** Activity **
Each line below that contains the word "dimstyles" must be copied.

** Provided material **
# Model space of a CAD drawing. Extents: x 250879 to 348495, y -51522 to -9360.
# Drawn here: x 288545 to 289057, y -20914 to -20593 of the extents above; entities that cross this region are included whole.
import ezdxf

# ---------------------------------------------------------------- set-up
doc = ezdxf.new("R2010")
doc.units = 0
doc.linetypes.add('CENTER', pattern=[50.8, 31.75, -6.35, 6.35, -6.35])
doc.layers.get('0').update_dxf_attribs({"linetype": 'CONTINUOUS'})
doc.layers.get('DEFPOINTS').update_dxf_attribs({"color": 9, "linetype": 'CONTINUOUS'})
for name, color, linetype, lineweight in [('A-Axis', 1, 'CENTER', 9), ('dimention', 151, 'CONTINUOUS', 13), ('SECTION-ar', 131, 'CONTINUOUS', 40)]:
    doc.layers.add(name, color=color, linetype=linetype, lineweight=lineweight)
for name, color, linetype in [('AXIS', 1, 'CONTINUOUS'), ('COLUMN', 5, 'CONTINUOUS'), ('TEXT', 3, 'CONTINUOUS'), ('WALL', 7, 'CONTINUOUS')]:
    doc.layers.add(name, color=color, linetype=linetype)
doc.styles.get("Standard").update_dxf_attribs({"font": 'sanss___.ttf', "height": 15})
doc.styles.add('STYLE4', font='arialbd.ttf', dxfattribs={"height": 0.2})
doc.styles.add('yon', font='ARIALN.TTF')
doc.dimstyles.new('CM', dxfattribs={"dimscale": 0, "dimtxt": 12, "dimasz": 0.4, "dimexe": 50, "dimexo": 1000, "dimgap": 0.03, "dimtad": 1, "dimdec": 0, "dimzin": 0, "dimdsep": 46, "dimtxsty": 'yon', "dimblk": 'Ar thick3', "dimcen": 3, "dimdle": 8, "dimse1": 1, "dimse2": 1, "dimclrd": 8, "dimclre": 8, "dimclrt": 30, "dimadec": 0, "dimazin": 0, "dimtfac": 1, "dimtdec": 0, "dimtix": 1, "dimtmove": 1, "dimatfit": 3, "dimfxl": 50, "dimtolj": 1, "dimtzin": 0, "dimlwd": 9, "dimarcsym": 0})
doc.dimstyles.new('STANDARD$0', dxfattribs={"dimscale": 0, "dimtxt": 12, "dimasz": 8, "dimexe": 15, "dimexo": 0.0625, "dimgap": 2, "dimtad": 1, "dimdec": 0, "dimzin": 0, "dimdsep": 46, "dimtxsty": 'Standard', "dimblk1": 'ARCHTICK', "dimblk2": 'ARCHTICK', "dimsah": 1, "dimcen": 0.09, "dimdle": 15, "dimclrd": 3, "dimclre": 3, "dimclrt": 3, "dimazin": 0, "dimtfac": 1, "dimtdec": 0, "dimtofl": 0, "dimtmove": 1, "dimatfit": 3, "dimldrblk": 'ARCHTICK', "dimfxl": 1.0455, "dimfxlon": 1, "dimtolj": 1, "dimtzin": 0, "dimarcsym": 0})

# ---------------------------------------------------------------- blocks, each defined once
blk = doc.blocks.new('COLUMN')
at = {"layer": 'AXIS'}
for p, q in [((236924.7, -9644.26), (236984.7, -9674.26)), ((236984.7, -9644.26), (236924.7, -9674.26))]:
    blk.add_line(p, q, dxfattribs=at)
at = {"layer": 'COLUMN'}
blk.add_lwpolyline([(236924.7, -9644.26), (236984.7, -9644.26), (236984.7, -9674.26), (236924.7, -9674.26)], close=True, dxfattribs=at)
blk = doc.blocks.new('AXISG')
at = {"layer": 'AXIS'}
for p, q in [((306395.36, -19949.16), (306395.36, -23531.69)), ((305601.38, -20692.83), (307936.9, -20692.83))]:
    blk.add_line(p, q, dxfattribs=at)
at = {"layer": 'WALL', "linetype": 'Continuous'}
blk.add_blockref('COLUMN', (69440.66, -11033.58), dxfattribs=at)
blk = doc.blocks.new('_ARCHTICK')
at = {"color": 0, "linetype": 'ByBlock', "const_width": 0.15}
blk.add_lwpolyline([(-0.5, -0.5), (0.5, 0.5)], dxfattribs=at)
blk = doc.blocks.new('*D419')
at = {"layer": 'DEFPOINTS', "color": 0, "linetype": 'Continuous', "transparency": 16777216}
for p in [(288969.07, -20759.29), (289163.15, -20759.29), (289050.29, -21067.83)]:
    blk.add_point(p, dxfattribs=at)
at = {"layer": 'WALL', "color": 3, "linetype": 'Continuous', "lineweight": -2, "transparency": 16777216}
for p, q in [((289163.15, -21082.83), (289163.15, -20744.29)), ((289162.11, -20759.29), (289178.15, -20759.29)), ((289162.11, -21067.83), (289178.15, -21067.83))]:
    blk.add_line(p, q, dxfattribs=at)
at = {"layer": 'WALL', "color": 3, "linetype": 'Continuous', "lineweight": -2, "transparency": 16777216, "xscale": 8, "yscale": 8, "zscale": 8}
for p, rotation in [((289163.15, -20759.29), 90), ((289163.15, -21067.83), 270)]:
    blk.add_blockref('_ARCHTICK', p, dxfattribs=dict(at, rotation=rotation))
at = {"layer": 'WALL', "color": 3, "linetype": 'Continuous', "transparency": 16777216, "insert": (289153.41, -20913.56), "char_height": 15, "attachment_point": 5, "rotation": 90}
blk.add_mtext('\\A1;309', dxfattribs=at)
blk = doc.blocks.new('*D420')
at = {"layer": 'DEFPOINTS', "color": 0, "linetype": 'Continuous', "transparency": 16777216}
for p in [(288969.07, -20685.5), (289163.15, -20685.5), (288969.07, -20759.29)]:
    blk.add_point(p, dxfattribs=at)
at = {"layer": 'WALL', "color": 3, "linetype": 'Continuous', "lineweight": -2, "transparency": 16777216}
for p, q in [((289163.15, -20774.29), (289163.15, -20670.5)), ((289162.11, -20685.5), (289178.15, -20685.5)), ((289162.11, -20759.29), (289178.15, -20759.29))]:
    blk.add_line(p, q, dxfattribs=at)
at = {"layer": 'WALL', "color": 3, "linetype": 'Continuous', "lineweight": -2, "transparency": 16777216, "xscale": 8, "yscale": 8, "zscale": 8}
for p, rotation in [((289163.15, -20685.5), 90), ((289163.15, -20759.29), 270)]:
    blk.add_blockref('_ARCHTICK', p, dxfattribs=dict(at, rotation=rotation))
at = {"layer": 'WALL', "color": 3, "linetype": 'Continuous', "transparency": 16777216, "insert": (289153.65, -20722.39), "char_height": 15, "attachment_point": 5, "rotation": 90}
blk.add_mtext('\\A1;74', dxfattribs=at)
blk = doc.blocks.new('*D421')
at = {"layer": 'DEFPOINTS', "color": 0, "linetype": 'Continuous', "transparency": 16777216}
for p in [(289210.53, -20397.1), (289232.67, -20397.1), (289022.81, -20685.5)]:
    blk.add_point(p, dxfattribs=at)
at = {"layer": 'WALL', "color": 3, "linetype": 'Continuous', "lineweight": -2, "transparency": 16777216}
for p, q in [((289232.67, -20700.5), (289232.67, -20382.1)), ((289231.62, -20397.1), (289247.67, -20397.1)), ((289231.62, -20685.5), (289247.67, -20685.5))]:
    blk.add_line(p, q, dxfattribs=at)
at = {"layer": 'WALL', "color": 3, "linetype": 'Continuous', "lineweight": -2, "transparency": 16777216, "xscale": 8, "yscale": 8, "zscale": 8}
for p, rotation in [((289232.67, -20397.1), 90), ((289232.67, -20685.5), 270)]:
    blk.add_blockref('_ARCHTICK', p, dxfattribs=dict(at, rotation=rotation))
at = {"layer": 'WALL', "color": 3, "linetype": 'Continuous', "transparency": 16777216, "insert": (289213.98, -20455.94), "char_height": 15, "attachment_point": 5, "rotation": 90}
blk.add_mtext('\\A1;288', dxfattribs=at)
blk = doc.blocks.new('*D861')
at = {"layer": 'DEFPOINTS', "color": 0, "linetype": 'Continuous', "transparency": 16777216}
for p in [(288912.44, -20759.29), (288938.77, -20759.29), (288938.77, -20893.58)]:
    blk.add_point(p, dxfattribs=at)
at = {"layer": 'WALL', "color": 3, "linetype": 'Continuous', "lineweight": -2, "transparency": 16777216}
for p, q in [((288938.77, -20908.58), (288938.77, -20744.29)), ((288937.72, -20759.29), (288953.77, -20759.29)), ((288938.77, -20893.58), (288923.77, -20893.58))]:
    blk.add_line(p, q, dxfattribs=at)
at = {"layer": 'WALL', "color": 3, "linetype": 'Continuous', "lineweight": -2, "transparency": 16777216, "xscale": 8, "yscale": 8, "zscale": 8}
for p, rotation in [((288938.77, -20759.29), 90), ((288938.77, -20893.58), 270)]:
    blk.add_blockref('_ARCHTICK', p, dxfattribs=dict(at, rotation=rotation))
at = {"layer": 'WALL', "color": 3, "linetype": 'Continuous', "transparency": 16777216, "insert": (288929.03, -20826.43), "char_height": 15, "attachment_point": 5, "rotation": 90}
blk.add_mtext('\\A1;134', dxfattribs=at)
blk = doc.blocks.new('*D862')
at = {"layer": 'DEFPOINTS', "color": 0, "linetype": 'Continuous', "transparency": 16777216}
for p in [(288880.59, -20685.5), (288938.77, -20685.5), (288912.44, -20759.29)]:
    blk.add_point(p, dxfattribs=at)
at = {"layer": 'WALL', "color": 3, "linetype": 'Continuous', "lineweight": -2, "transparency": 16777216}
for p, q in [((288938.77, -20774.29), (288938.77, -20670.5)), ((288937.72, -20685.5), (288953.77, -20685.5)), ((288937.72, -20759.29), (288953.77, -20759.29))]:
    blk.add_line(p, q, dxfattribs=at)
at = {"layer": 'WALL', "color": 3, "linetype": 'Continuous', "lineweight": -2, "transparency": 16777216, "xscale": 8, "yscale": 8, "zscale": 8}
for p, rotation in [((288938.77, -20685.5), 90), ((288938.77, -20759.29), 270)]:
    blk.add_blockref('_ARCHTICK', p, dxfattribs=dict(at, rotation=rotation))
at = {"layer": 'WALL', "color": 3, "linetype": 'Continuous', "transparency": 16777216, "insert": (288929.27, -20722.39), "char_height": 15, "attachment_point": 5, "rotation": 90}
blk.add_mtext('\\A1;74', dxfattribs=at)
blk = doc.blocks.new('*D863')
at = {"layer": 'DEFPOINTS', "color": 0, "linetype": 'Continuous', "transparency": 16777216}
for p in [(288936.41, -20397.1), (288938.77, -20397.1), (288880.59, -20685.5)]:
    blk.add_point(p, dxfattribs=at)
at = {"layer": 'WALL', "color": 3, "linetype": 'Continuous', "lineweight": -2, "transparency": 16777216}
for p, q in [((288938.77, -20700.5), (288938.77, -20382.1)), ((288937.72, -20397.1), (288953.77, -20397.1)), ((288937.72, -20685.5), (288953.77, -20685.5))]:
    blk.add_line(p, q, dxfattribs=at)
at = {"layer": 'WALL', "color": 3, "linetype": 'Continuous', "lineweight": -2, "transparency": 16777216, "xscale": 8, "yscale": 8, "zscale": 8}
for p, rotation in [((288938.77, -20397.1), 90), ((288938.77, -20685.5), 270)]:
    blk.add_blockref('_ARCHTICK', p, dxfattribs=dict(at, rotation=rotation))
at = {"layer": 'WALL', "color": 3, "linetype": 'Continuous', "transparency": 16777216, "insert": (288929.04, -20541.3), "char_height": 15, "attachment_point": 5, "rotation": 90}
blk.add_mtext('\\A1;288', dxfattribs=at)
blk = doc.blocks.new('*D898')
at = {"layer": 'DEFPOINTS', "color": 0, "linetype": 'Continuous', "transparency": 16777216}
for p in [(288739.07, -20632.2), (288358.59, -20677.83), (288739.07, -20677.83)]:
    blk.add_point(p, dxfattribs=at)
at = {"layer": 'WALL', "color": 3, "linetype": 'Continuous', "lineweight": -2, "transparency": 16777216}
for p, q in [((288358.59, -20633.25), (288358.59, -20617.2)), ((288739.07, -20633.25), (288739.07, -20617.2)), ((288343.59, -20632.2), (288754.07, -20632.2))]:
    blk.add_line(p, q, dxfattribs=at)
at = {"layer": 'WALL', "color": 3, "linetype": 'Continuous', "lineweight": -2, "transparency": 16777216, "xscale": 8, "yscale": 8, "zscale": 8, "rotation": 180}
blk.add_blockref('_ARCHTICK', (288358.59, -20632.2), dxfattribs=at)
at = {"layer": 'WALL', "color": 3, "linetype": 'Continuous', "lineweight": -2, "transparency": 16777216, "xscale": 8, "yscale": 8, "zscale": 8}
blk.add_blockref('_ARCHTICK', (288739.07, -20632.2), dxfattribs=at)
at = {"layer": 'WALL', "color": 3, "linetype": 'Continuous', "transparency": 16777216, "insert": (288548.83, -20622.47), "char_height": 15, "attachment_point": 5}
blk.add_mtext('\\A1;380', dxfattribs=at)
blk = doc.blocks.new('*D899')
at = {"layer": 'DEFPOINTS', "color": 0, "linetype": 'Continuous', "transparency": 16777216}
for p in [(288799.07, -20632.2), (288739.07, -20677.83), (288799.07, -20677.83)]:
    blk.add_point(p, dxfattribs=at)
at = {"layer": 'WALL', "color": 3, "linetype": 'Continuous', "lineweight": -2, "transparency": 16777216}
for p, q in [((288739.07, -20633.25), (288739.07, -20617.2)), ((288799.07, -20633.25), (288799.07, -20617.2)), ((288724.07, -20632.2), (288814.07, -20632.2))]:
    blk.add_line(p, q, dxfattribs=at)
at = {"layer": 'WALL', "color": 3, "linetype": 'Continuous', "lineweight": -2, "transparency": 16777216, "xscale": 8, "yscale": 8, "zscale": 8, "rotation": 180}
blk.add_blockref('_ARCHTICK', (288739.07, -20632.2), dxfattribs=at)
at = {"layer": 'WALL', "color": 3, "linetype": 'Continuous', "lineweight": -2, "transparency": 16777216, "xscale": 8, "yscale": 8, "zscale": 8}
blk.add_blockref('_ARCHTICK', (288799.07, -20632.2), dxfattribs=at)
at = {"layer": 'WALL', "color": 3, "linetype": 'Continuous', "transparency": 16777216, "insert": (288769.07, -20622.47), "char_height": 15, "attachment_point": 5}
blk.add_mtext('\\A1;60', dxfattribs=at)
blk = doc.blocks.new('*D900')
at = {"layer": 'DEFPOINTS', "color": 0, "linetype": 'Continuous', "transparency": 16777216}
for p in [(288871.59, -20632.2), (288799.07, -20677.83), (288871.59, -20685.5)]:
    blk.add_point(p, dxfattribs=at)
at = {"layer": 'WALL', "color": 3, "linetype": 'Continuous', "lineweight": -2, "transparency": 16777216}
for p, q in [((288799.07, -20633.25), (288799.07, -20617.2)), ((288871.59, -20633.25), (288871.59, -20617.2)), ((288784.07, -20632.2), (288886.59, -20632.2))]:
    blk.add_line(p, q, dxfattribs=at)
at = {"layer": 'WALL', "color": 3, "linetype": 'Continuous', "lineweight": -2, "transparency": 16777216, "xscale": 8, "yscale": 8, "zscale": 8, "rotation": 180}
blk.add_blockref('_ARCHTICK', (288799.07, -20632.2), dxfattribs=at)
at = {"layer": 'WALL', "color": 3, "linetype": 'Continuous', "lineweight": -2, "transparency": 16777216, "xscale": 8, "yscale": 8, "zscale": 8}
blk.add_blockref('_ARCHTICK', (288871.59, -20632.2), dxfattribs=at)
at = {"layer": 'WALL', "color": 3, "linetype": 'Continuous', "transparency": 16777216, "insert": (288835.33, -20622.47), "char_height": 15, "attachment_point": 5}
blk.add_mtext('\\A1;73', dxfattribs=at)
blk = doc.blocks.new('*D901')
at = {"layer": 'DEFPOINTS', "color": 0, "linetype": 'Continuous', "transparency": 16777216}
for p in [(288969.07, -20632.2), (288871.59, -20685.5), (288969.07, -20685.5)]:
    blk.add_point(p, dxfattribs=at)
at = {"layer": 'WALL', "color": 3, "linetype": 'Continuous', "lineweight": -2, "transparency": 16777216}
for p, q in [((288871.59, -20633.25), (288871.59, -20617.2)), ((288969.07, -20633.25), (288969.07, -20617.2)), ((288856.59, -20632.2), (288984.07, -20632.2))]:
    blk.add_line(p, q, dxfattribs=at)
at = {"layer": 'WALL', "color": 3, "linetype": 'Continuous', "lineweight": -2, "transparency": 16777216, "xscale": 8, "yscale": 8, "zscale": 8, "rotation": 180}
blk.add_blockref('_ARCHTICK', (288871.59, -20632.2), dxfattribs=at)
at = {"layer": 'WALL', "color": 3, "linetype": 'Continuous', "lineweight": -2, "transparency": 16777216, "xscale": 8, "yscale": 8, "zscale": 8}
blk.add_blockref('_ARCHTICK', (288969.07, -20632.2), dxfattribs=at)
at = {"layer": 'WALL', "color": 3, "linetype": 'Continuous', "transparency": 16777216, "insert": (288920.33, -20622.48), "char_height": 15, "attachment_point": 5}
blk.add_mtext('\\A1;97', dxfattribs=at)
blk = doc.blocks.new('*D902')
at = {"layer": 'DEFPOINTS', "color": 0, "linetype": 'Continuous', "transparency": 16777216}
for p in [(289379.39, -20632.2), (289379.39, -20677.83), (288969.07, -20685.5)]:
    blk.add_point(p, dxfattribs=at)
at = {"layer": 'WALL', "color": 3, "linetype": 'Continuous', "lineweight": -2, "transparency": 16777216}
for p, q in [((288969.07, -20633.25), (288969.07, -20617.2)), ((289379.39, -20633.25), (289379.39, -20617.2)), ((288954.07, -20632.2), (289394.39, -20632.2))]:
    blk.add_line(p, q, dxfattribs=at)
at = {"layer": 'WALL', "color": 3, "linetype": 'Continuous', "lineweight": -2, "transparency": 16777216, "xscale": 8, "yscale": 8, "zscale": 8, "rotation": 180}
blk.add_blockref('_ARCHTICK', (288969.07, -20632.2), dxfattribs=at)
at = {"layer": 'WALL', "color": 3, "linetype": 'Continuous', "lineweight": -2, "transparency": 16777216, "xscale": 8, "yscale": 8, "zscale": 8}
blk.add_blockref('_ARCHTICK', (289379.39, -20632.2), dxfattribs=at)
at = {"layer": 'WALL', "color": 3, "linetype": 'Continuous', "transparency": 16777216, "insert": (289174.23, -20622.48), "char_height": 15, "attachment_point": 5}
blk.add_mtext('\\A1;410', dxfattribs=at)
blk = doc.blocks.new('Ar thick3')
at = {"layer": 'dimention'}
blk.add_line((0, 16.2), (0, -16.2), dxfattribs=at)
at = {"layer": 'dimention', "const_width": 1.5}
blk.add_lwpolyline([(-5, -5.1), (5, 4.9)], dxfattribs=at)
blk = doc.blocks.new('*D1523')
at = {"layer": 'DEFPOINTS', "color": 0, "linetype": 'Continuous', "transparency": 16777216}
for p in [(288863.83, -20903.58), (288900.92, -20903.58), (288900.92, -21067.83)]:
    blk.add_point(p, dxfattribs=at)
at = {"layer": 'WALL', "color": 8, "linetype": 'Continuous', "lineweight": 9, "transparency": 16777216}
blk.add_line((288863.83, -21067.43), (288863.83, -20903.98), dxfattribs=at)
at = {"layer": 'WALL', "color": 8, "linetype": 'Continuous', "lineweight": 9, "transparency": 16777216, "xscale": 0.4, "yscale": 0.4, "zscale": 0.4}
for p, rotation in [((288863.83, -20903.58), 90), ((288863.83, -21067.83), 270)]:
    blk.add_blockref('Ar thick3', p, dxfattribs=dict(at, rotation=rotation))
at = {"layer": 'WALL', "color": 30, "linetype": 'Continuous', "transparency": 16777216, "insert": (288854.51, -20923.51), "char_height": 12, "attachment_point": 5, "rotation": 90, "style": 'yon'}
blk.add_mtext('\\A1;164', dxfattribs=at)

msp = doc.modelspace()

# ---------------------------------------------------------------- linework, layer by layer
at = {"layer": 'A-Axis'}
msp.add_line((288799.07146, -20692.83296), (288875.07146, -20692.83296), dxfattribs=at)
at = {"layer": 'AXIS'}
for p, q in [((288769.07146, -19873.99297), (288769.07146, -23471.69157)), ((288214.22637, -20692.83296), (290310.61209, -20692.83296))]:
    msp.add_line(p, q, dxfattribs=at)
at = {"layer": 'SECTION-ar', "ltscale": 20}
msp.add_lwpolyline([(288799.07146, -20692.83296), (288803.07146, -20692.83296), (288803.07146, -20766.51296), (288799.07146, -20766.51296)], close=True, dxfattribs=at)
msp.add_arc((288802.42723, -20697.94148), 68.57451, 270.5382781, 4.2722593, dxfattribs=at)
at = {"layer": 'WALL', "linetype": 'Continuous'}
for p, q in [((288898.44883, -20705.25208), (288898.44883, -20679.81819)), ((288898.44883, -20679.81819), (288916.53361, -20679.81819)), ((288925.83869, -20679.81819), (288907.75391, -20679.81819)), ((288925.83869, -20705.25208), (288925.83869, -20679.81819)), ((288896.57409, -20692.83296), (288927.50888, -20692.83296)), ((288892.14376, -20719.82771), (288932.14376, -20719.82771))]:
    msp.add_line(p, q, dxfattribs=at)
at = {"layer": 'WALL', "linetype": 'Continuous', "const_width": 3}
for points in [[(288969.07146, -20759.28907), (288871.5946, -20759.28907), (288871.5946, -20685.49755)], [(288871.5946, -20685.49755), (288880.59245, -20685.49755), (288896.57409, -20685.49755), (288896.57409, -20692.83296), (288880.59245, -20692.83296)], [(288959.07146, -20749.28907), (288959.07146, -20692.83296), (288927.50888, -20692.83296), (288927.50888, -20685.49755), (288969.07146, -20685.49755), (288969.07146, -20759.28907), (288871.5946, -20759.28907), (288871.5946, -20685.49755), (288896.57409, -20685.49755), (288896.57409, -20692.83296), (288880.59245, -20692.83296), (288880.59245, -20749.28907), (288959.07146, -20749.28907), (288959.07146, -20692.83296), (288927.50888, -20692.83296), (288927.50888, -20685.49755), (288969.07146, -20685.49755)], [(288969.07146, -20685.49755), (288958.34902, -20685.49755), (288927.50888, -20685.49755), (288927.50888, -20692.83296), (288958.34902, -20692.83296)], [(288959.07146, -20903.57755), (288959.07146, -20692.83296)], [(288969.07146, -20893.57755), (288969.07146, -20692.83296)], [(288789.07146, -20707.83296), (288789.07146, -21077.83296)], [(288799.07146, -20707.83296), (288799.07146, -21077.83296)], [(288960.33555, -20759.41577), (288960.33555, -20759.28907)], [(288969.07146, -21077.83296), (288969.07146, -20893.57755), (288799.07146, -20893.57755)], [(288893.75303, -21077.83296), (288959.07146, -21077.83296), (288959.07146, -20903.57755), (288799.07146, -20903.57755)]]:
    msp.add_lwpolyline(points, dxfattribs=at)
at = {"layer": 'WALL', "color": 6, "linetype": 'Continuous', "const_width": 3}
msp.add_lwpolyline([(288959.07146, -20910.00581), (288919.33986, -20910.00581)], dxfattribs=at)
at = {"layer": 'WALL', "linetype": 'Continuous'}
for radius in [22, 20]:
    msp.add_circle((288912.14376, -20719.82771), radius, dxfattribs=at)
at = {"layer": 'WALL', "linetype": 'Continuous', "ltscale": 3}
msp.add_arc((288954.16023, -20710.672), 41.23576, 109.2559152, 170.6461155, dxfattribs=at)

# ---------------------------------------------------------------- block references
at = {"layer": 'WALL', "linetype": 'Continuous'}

** Output **
doc.dimstyles.new('CM', dxfattribs={"dimscale": 0, "dimtxt": 12, "dimasz": 0.4, "dimexe": 50, "dimexo": 1000, "dimgap": 0.03, "dimtad": 1, "dimdec": 0, "dimzin": 0, "dimdsep": 46, "dimtxsty": 'yon', "dimblk": 'Ar thick3', "dimcen": 3, "dimdle": 8, "dimse1": 1, "dimse2": 1, "dimclrd": 8, "dimclre": 8, "dimclrt": 30, "dimadec": 0, "dimazin": 0, "dimtfac": 1, "dimtdec": 0, "dimtix": 1, "dimtmove": 1, "dimatfit": 3, "dimfxl": 50, "dimtolj": 1, "dimtzin": 0, "dimlwd": 9, "dimarcsym": 0})
doc.dimstyles.new('STANDARD$0', dxfattribs={"dimscale": 0, "dimtxt": 12, "dimasz": 8, "dimexe": 15, "dimexo": 0.0625, "dimgap": 2, "dimtad": 1, "dimdec": 0, "dimzin": 0, "dimdsep": 46, "dimtxsty": 'Standard', "dimblk1": 'ARCHTICK', "dimblk2": 'ARCHTICK', "dimsah": 1, "dimcen": 0.09, "dimdle": 15, "dimclrd": 3, "dimclre": 3, "dimclrt": 3, "dimazin": 0, "dimtfac": 1, "dimtdec": 0, "dimtofl": 0, "dimtmove": 1, "dimatfit": 3, "dimldrblk": 'ARCHTICK', "dimfxl": 1.0455, "dimfxlon": 1, "dimtolj": 1, "dimtzin": 0, "dimarcsym": 0})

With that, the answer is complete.